--- Directions ---
Reproduce the entries below exactly, but only from the line containing "#17=DIRECTION('',(1.,0.,0.));" to the line containing "#27=CARTESIAN_POINT('',(1.02107881373067,1.1908820937182,0.));", inclusive.

※

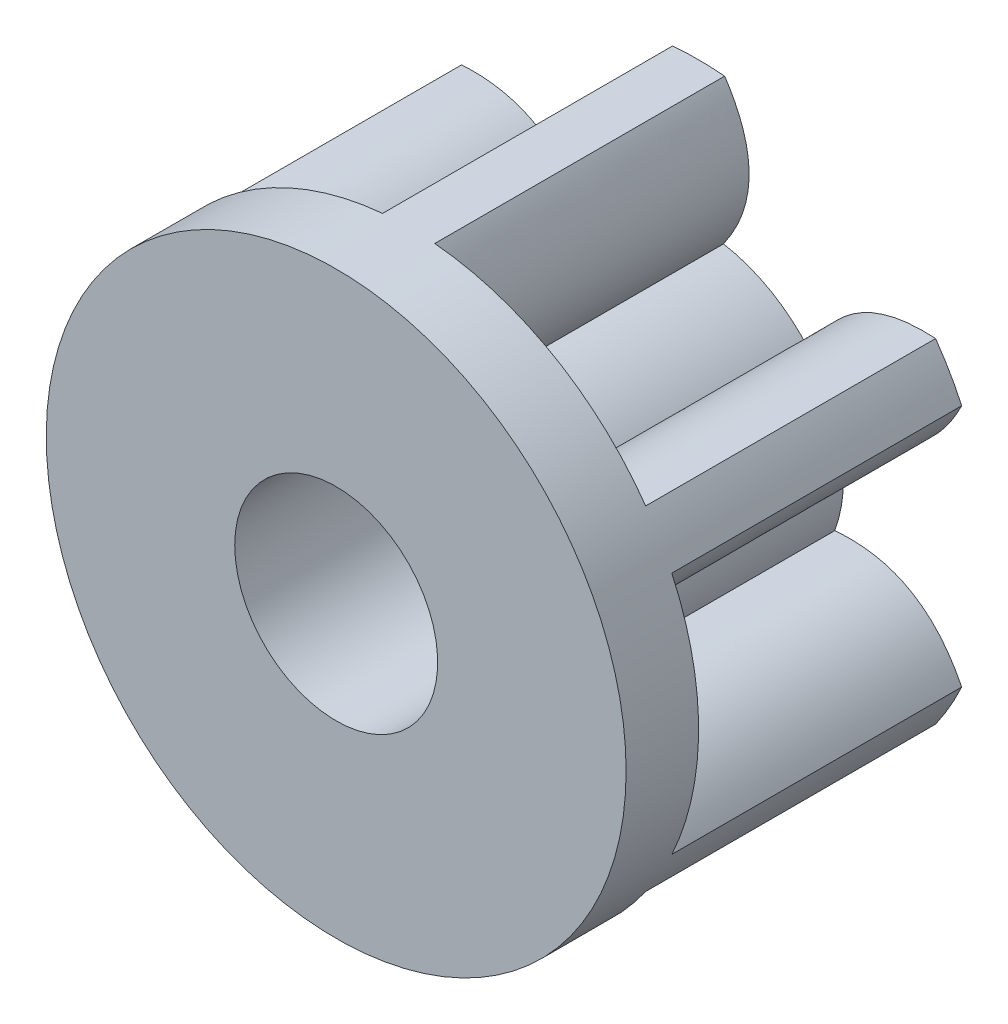
ISO-10303-21;
HEADER;
FILE_DESCRIPTION(('STEP AP214'),'2;1');
FILE_NAME('part.step','',(''),(''),'','','');
FILE_SCHEMA(('AUTOMOTIVE_DESIGN { 1 0 10303 214 1 1 1 1 }'));
ENDSEC;
DATA;
#1=APPLICATION_CONTEXT('core data for automotive mechanical design processes');
#2=APPLICATION_PROTOCOL_DEFINITION('international standard','automotive_design',2000,#1);
#3=PRODUCT_CONTEXT('',#1,'mechanical');
#4=PRODUCT('Part','Part','',(#3));
#5=PRODUCT_RELATED_PRODUCT_CATEGORY('part','',(#4));
#6=PRODUCT_DEFINITION_FORMATION('','',#4);
#7=PRODUCT_DEFINITION_CONTEXT('part definition',#1,'design');
#8=PRODUCT_DEFINITION('design','',#6,#7);
#9=PRODUCT_DEFINITION_SHAPE('','',#8);
#10=(LENGTH_UNIT() NAMED_UNIT(*) SI_UNIT(.MILLI.,.METRE.));
#11=(NAMED_UNIT(*) PLANE_ANGLE_UNIT() SI_UNIT($,.RADIAN.));
#12=(NAMED_UNIT(*) SI_UNIT($,.STERADIAN.) SOLID_ANGLE_UNIT());
#13=UNCERTAINTY_MEASURE_WITH_UNIT(LENGTH_MEASURE(1.E-05),#10,'distance_accuracy_value','');
#14=(GEOMETRIC_REPRESENTATION_CONTEXT(3) GLOBAL_UNCERTAINTY_ASSIGNED_CONTEXT((#13)) GLOBAL_UNIT_ASSIGNED_CONTEXT((#10,
#11,#12)) REPRESENTATION_CONTEXT('',''));
#15=CARTESIAN_POINT('',(0.,0.,0.));
#16=DIRECTION('',(0.,0.,1.));
#17=DIRECTION('',(1.,0.,0.));
#18=AXIS2_PLACEMENT_3D('',#15,#16,#17);
#19=CARTESIAN_POINT('',(1.63502173899346,1.15182633804702,2.));
#20=CARTESIAN_POINT('',(1.02107881373067,1.1908820937182,2.));
#21=CARTESIAN_POINT('',(0.767507810570378,0.641039593717475,2.));
#22=B_SPLINE_CURVE_WITH_KNOTS('',2,(#19,#20,#21),.UNSPECIFIED.,.F.,.F.,(3,3),(0.,1.),.UNSPECIFIED.);
#23=DIRECTION('',(0.,0.,-1.));
#24=VECTOR('',#23,1.);
#25=SURFACE_OF_LINEAR_EXTRUSION('',#22,#24);
#26=CARTESIAN_POINT('',(1.63502173899346,1.15182633804702,0.));
#27=CARTESIAN_POINT('',(1.02107881373067,1.1908820937182,0.));
#28=CARTESIAN_POINT('',(0.767507810570378,0.641039593717475,0.));
#29=B_SPLINE_CURVE_WITH_KNOTS('',2,(#26,#27,#28),.UNSPECIFIED.,.F.,.F.,(3,3),(0.,1.),.UNSPECIFIED.);
#30=CARTESIAN_POINT('',(1.63502173899346,1.15182633804702,0.));
#31=VERTEX_POINT('',#30);
#32=CARTESIAN_POINT('',(0.767507810570378,0.641039593717475,0.));
#33=VERTEX_POINT('',#32);
#34=EDGE_CURVE('E361',#31,#33,#29,.T.);
#35=ORIENTED_EDGE('',*,*,#34,.T.);
#36=DIRECTION('',(0.,0.,-1.));
#37=VECTOR('',#36,1.);
#38=CARTESIAN_POINT('',(0.767507810570378,0.641039593717475,2.));
#39=LINE('',#38,#37);
#40=CARTESIAN_POINT('',(0.767507810570378,0.641039593717475,2.));
#41=VERTEX_POINT('',#40);
#42=EDGE_CURVE('E11',#41,#33,#39,.T.);
#43=ORIENTED_EDGE('',*,*,#42,.F.);
#44=CARTESIAN_POINT('',(1.63502173899346,1.15182633804702,2.));
#45=VERTEX_POINT('',#44);
#46=EDGE_CURVE('E454',#45,#41,#22,.T.);
#47=ORIENTED_EDGE('',*,*,#46,.F.);
#48=DIRECTION('',(0.,0.,-1.));
#49=VECTOR('',#48,1.);
#50=CARTESIAN_POINT('',(1.63502173899346,1.15182633804702,2.));
#51=LINE('',#50,#49);
#52=EDGE_CURVE('E51',#45,#31,#51,.T.);
#53=ORIENTED_EDGE('',*,*,#52,.T.);
#54=EDGE_LOOP('',(#35,#43,#47,#53));
#55=FACE_BOUND('',#54,.T.);
#56=ADVANCED_FACE('F34',(#55),#25,.F.);
#57=CARTESIAN_POINT('',(0.,0.,2.));
#58=DIRECTION('',(0.,0.,-1.));
#59=DIRECTION('',(-1.,0.,0.));
#60=AXIS2_PLACEMENT_3D('',#57,#58,#59);
#61=CYLINDRICAL_SURFACE('',#60,1.);
#62=CARTESIAN_POINT('',(0.,0.,0.));
#63=DIRECTION('',(0.,0.,1.));
#64=DIRECTION('',(1.,0.,0.));
#65=AXIS2_PLACEMENT_3D('',#62,#63,#64);
#66=CIRCLE('',#65,1.);
#67=CARTESIAN_POINT('',(0.171402667705802,0.985201058415659,0.));
#68=VERTEX_POINT('',#67);
#69=EDGE_CURVE('E355',#33,#68,#66,.T.);
#70=ORIENTED_EDGE('',*,*,#69,.T.);
#71=DIRECTION('',(0.,0.,-1.));
#72=VECTOR('',#71,1.);
#73=CARTESIAN_POINT('',(0.171402667705802,0.985201058415659,2.));
#74=LINE('',#73,#72);
#75=CARTESIAN_POINT('',(0.171402667705802,0.985201058415659,2.));
#76=VERTEX_POINT('',#75);
#77=EDGE_CURVE('E43',#76,#68,#74,.T.);
#78=ORIENTED_EDGE('',*,*,#77,.F.);
#79=CARTESIAN_POINT('',(0.,0.,2.));
#80=DIRECTION('',(0.,0.,1.));
#81=DIRECTION('',(1.,0.,0.));
#82=AXIS2_PLACEMENT_3D('',#79,#80,#81);
#83=CIRCLE('',#82,1.);
#84=EDGE_CURVE('E141',#41,#76,#83,.T.);
#85=ORIENTED_EDGE('',*,*,#84,.F.);
#86=ORIENTED_EDGE('',*,*,#42,.T.);
#87=EDGE_LOOP('',(#70,#78,#85,#86));
#88=FACE_BOUND('',#87,.T.);
#89=ADVANCED_FACE('F501',(#88),#61,.T.);
#90=CARTESIAN_POINT('',(0.171402667705802,0.985201058415659,2.));
#91=CARTESIAN_POINT('',(0.520879983891172,1.47977723148367,2.));
#92=CARTESIAN_POINT('',(0.179817657642402,1.9919,2.));
#93=B_SPLINE_CURVE_WITH_KNOTS('',2,(#90,#91,#92),.UNSPECIFIED.,.F.,.F.,(3,3),(0.,1.),.UNSPECIFIED.);
#94=DIRECTION('',(0.,0.,-1.));
#95=VECTOR('',#94,1.);
#96=SURFACE_OF_LINEAR_EXTRUSION('',#93,#95);
#97=CARTESIAN_POINT('',(0.171402667705802,0.985201058415659,0.));
#98=CARTESIAN_POINT('',(0.520879983891172,1.47977723148367,0.));
#99=CARTESIAN_POINT('',(0.179817657642402,1.9919,0.));
#100=B_SPLINE_CURVE_WITH_KNOTS('',2,(#97,#98,#99),.UNSPECIFIED.,.F.,.F.,(3,3),(0.,1.),.UNSPECIFIED.);
#101=CARTESIAN_POINT('',(0.179817657642402,1.9919,0.));
#102=VERTEX_POINT('',#101);
#103=EDGE_CURVE('E348',#68,#102,#100,.T.);
#104=ORIENTED_EDGE('',*,*,#103,.T.);
#105=DIRECTION('',(0.,0.,-1.));
#106=VECTOR('',#105,1.);
#107=CARTESIAN_POINT('',(0.179817657642402,1.9919,2.));
#108=LINE('',#107,#106);
#109=CARTESIAN_POINT('',(0.179817657642402,1.9919,2.));
#110=VERTEX_POINT('',#109);
#111=EDGE_CURVE('E341',#110,#102,#108,.T.);
#112=ORIENTED_EDGE('',*,*,#111,.F.);
#113=EDGE_CURVE('E350',#76,#110,#93,.T.);
#114=ORIENTED_EDGE('',*,*,#113,.F.);
#115=ORIENTED_EDGE('',*,*,#77,.T.);
#116=EDGE_LOOP('',(#104,#112,#114,#115));
#117=FACE_BOUND('',#116,.T.);
#118=ADVANCED_FACE('F347',(#117),#96,.F.);
#119=CARTESIAN_POINT('',(-0.18,1.99188353073165,2.));
#120=CARTESIAN_POINT('',(-0.520794739206634,1.47972123881594,2.));
#121=CARTESIAN_POINT('',(-0.171402667705803,0.985201058415659,2.));
#122=B_SPLINE_CURVE_WITH_KNOTS('',2,(#119,#120,#121),.UNSPECIFIED.,.F.,.F.,(3,3),(0.,1.),.UNSPECIFIED.);
#123=DIRECTION('',(0.,0.,-1.));
#124=VECTOR('',#123,1.);
#125=SURFACE_OF_LINEAR_EXTRUSION('',#122,#124);
#126=CARTESIAN_POINT('',(-0.18,1.99188353073165,0.));
#127=CARTESIAN_POINT('',(-0.520794739206634,1.47972123881594,0.));
#128=CARTESIAN_POINT('',(-0.171402667705803,0.985201058415659,0.));
#129=B_SPLINE_CURVE_WITH_KNOTS('',2,(#126,#127,#128),.UNSPECIFIED.,.F.,.F.,(3,3),(0.,1.),.UNSPECIFIED.);
#130=CARTESIAN_POINT('',(-0.18,1.99188353073165,0.));
#131=VERTEX_POINT('',#130);
#132=CARTESIAN_POINT('',(-0.171402667705803,0.985201058415659,0.));
#133=VERTEX_POINT('',#132);
#134=EDGE_CURVE('E359',#131,#133,#129,.T.);
#135=ORIENTED_EDGE('',*,*,#134,.T.);
#136=DIRECTION('',(0.,0.,-1.));
#137=VECTOR('',#136,1.);
#138=CARTESIAN_POINT('',(-0.171402667705803,0.985201058415659,2.));
#139=LINE('',#138,#137);
#140=CARTESIAN_POINT('',(-0.171402667705803,0.985201058415659,2.));
#141=VERTEX_POINT('',#140);
#142=EDGE_CURVE('E335',#141,#133,#139,.T.);
#143=ORIENTED_EDGE('',*,*,#142,.F.);
#144=CARTESIAN_POINT('',(-0.18,1.99188353073165,2.));
#145=VERTEX_POINT('',#144);
#146=EDGE_CURVE('E518',#145,#141,#122,.T.);
#147=ORIENTED_EDGE('',*,*,#146,.F.);
#148=DIRECTION('',(0.,0.,-1.));
#149=VECTOR('',#148,1.);
#150=CARTESIAN_POINT('',(-0.18,1.99188353073165,2.));
#151=LINE('',#150,#149);
#152=EDGE_CURVE('E338',#145,#131,#151,.T.);
#153=ORIENTED_EDGE('',*,*,#152,.T.);
#154=EDGE_LOOP('',(#135,#143,#147,#153));
#155=FACE_BOUND('',#154,.T.);
#156=ADVANCED_FACE('F508',(#155),#125,.F.);
#157=CARTESIAN_POINT('',(0.,0.,2.));
#158=DIRECTION('',(0.,0.,-1.));
#159=DIRECTION('',(-1.,0.,0.));
#160=AXIS2_PLACEMENT_3D('',#157,#158,#159);
#161=CYLINDRICAL_SURFACE('',#160,1.);
#162=CARTESIAN_POINT('',(0.,0.,0.));
#163=DIRECTION('',(0.,0.,1.));
#164=DIRECTION('',(1.,0.,0.));
#165=AXIS2_PLACEMENT_3D('',#162,#163,#164);
#166=CIRCLE('',#165,1.);
#167=CARTESIAN_POINT('',(-0.767507810570369,0.641039593717486,0.));
#168=VERTEX_POINT('',#167);
#169=EDGE_CURVE('E373',#133,#168,#166,.T.);
#170=ORIENTED_EDGE('',*,*,#169,.T.);
#171=DIRECTION('',(0.,0.,-1.));
#172=VECTOR('',#171,1.);
#173=CARTESIAN_POINT('',(-0.767507810570369,0.641039593717486,2.));
#174=LINE('',#173,#172);
#175=CARTESIAN_POINT('',(-0.767507810570369,0.641039593717486,2.));
#176=VERTEX_POINT('',#175);
#177=EDGE_CURVE('E332',#176,#168,#174,.T.);
#178=ORIENTED_EDGE('',*,*,#177,.F.);
#179=CARTESIAN_POINT('',(0.,0.,2.));
#180=DIRECTION('',(0.,0.,1.));
#181=DIRECTION('',(1.,0.,0.));
#182=AXIS2_PLACEMENT_3D('',#179,#180,#181);
#183=CIRCLE('',#182,1.);
#184=EDGE_CURVE('E527',#141,#176,#183,.T.);
#185=ORIENTED_EDGE('',*,*,#184,.F.);
#186=ORIENTED_EDGE('',*,*,#142,.T.);
#187=EDGE_LOOP('',(#170,#178,#185,#186));
#188=FACE_BOUND('',#187,.T.);
#189=ADVANCED_FACE('F552',(#188),#161,.T.);
#190=CARTESIAN_POINT('',(-0.767507810570369,0.641039593717486,2.));
#191=CARTESIAN_POINT('',(-1.02108468246106,1.19098391411443,2.));
#192=CARTESIAN_POINT('',(-1.63512717297701,1.15167665956735,2.));
#193=B_SPLINE_CURVE_WITH_KNOTS('',2,(#190,#191,#192),.UNSPECIFIED.,.F.,.F.,(3,3),(0.,1.),.UNSPECIFIED.);
#194=DIRECTION('',(0.,0.,-1.));
#195=VECTOR('',#194,1.);
#196=SURFACE_OF_LINEAR_EXTRUSION('',#193,#195);
#197=CARTESIAN_POINT('',(-0.767507810570369,0.641039593717486,0.));
#198=CARTESIAN_POINT('',(-1.02108468246106,1.19098391411443,0.));
#199=CARTESIAN_POINT('',(-1.63512717297701,1.15167665956735,0.));
#200=B_SPLINE_CURVE_WITH_KNOTS('',2,(#197,#198,#199),.UNSPECIFIED.,.F.,.F.,(3,3),(0.,1.),.UNSPECIFIED.);
#201=CARTESIAN_POINT('',(-1.63512717297701,1.15167665956735,0.));
#202=VERTEX_POINT('',#201);
#203=EDGE_CURVE('E378',#168,#202,#200,.T.);
#204=ORIENTED_EDGE('',*,*,#203,.T.);
#205=DIRECTION('',(0.,0.,-1.));
#206=VECTOR('',#205,1.);
#207=CARTESIAN_POINT('',(-1.63512717297701,1.15167665956735,2.));
#208=LINE('',#207,#206);
#209=CARTESIAN_POINT('',(-1.63512717297701,1.15167665956735,2.));
#210=VERTEX_POINT('',#209);
#211=EDGE_CURVE('E329',#210,#202,#208,.T.);
#212=ORIENTED_EDGE('',*,*,#211,.F.);
#213=EDGE_CURVE('E533',#176,#210,#193,.T.);
#214=ORIENTED_EDGE('',*,*,#213,.F.);
#215=ORIENTED_EDGE('',*,*,#177,.T.);
#216=EDGE_LOOP('',(#204,#212,#214,#215));
#217=FACE_BOUND('',#216,.T.);
#218=ADVANCED_FACE('F548',(#217),#196,.F.);
#219=CARTESIAN_POINT('',(-1.81502173899344,0.840057192684649,2.));
#220=CARTESIAN_POINT('',(-1.5418735529373,0.28883914509775,2.));
#221=CARTESIAN_POINT('',(-0.938910478276174,0.344161464698193,2.));
#222=B_SPLINE_CURVE_WITH_KNOTS('',2,(#219,#220,#221),.UNSPECIFIED.,.F.,.F.,(3,3),(0.,1.),.UNSPECIFIED.);
#223=DIRECTION('',(0.,0.,-1.));
#224=VECTOR('',#223,1.);
#225=SURFACE_OF_LINEAR_EXTRUSION('',#222,#224);
#226=CARTESIAN_POINT('',(-1.81502173899344,0.840057192684649,0.));
#227=CARTESIAN_POINT('',(-1.5418735529373,0.28883914509775,0.));
#228=CARTESIAN_POINT('',(-0.938910478276174,0.344161464698193,0.));
#229=B_SPLINE_CURVE_WITH_KNOTS('',2,(#226,#227,#228),.UNSPECIFIED.,.F.,.F.,(3,3),(0.,1.),.UNSPECIFIED.);
#230=CARTESIAN_POINT('',(-1.81502173899344,0.840057192684649,0.));
#231=VERTEX_POINT('',#230);
#232=CARTESIAN_POINT('',(-0.938910478276174,0.344161464698193,0.));
#233=VERTEX_POINT('',#232);
#234=EDGE_CURVE('E387',#231,#233,#229,.T.);
#235=ORIENTED_EDGE('',*,*,#234,.T.);
#236=DIRECTION('',(0.,0.,-1.));
#237=VECTOR('',#236,1.);
#238=CARTESIAN_POINT('',(-0.938910478276174,0.344161464698193,2.));
#239=LINE('',#238,#237);
#240=CARTESIAN_POINT('',(-0.938910478276174,0.344161464698193,2.));
#241=VERTEX_POINT('',#240);
#242=EDGE_CURVE('E323',#241,#233,#239,.T.);
#243=ORIENTED_EDGE('',*,*,#242,.F.);
#244=CARTESIAN_POINT('',(-1.81502173899344,0.840057192684649,2.));
#245=VERTEX_POINT('',#244);
#246=EDGE_CURVE('E539',#245,#241,#222,.T.);
#247=ORIENTED_EDGE('',*,*,#246,.F.);
#248=DIRECTION('',(0.,0.,-1.));
#249=VECTOR('',#248,1.);
#250=CARTESIAN_POINT('',(-1.81502173899344,0.840057192684649,2.));
#251=LINE('',#250,#249);
#252=EDGE_CURVE('E326',#245,#231,#251,.T.);
#253=ORIENTED_EDGE('',*,*,#252,.T.);
#254=EDGE_LOOP('',(#235,#243,#247,#253));
#255=FACE_BOUND('',#254,.T.);
#256=ADVANCED_FACE('F551',(#255),#225,.F.);
#257=CARTESIAN_POINT('',(0.,0.,2.));
#258=DIRECTION('',(0.,0.,-1.));
#259=DIRECTION('',(-1.,0.,0.));
#260=AXIS2_PLACEMENT_3D('',#257,#258,#259);
#261=CYLINDRICAL_SURFACE('',#260,1.);
#262=CARTESIAN_POINT('',(0.,0.,0.));
#263=DIRECTION('',(0.,0.,1.));
#264=DIRECTION('',(1.,0.,0.));
#265=AXIS2_PLACEMENT_3D('',#262,#263,#264);
#266=CIRCLE('',#265,1.);
#267=CARTESIAN_POINT('',(-0.938910478276181,-0.344161464698174,0.));
#268=VERTEX_POINT('',#267);
#269=EDGE_CURVE('E391',#233,#268,#266,.T.);
#270=ORIENTED_EDGE('',*,*,#269,.T.);
#271=DIRECTION('',(0.,0.,-1.));
#272=VECTOR('',#271,1.);
#273=CARTESIAN_POINT('',(-0.938910478276181,-0.344161464698174,2.));
#274=LINE('',#273,#272);
#275=CARTESIAN_POINT('',(-0.938910478276181,-0.344161464698174,2.));
#276=VERTEX_POINT('',#275);
#277=EDGE_CURVE('E320',#276,#268,#274,.T.);
#278=ORIENTED_EDGE('',*,*,#277,.F.);
#279=CARTESIAN_POINT('',(0.,0.,2.));
#280=DIRECTION('',(0.,0.,1.));
#281=DIRECTION('',(1.,0.,0.));
#282=AXIS2_PLACEMENT_3D('',#279,#280,#281);
#283=CIRCLE('',#282,1.);
#284=EDGE_CURVE('E578',#241,#276,#283,.T.);
#285=ORIENTED_EDGE('',*,*,#284,.F.);
#286=ORIENTED_EDGE('',*,*,#242,.T.);
#287=EDGE_LOOP('',(#270,#278,#285,#286));
#288=FACE_BOUND('',#287,.T.);
#289=ADVANCED_FACE('F645',(#288),#261,.T.);
#290=CARTESIAN_POINT('',(-0.938910478276181,-0.344161464698174,2.));
#291=CARTESIAN_POINT('',(-1.54196466635225,-0.288793317369235,2.));
#292=CARTESIAN_POINT('',(-1.81494483061943,-0.84022334043265,2.));
#293=B_SPLINE_CURVE_WITH_KNOTS('',2,(#290,#291,#292),.UNSPECIFIED.,.F.,.F.,(3,3),(0.,1.),.UNSPECIFIED.);
#294=DIRECTION('',(0.,0.,-1.));
#295=VECTOR('',#294,1.);
#296=SURFACE_OF_LINEAR_EXTRUSION('',#293,#295);
#297=CARTESIAN_POINT('',(-0.938910478276181,-0.344161464698174,0.));
#298=CARTESIAN_POINT('',(-1.54196466635225,-0.288793317369235,0.));
#299=CARTESIAN_POINT('',(-1.81494483061943,-0.84022334043265,0.));
#300=B_SPLINE_CURVE_WITH_KNOTS('',2,(#297,#298,#299),.UNSPECIFIED.,.F.,.F.,(3,3),(0.,1.),.UNSPECIFIED.);
#301=CARTESIAN_POINT('',(-1.81494483061943,-0.84022334043265,0.));
#302=VERTEX_POINT('',#301);
#303=EDGE_CURVE('E396',#268,#302,#300,.T.);
#304=ORIENTED_EDGE('',*,*,#303,.T.);
#305=DIRECTION('',(0.,0.,-1.));
#306=VECTOR('',#305,1.);
#307=CARTESIAN_POINT('',(-1.81494483061943,-0.84022334043265,2.));
#308=LINE('',#307,#306);
#309=CARTESIAN_POINT('',(-1.81494483061943,-0.84022334043265,2.));
#310=VERTEX_POINT('',#309);
#311=EDGE_CURVE('E317',#310,#302,#308,.T.);
#312=ORIENTED_EDGE('',*,*,#311,.F.);
#313=EDGE_CURVE('E583',#276,#310,#293,.T.);
#314=ORIENTED_EDGE('',*,*,#313,.F.);
#315=ORIENTED_EDGE('',*,*,#277,.T.);
#316=EDGE_LOOP('',(#304,#312,#314,#315));
#317=FACE_BOUND('',#316,.T.);
#318=ADVANCED_FACE('F643',(#317),#296,.F.);
#319=CARTESIAN_POINT('',(-1.63502173899346,-1.15182633804701,2.));
#320=CARTESIAN_POINT('',(-1.02107881373068,-1.1908820937182,2.));
#321=CARTESIAN_POINT('',(-0.767507810570382,-0.64103959371747,2.));
#322=B_SPLINE_CURVE_WITH_KNOTS('',2,(#319,#320,#321),.UNSPECIFIED.,.F.,.F.,(3,3),(0.,1.),.UNSPECIFIED.);
#323=DIRECTION('',(0.,0.,-1.));
#324=VECTOR('',#323,1.);
#325=SURFACE_OF_LINEAR_EXTRUSION('',#322,#324);
#326=CARTESIAN_POINT('',(-1.63502173899346,-1.15182633804701,0.));
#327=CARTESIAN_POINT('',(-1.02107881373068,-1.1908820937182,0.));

※

--- Output ---
#17=DIRECTION('',(1.,0.,0.));
#18=AXIS2_PLACEMENT_3D('',#15,#16,#17);
#19=CARTESIAN_POINT('',(1.63502173899346,1.15182633804702,2.));
#20=CARTESIAN_POINT('',(1.02107881373067,1.1908820937182,2.));
#21=CARTESIAN_POINT('',(0.767507810570378,0.641039593717475,2.));
#22=B_SPLINE_CURVE_WITH_KNOTS('',2,(#19,#20,#21),.UNSPECIFIED.,.F.,.F.,(3,3),(0.,1.),.UNSPECIFIED.);
#23=DIRECTION('',(0.,0.,-1.));
#24=VECTOR('',#23,1.);
#25=SURFACE_OF_LINEAR_EXTRUSION('',#22,#24);
#26=CARTESIAN_POINT('',(1.63502173899346,1.15182633804702,0.));
#27=CARTESIAN_POINT('',(1.02107881373067,1.1908820937182,0.));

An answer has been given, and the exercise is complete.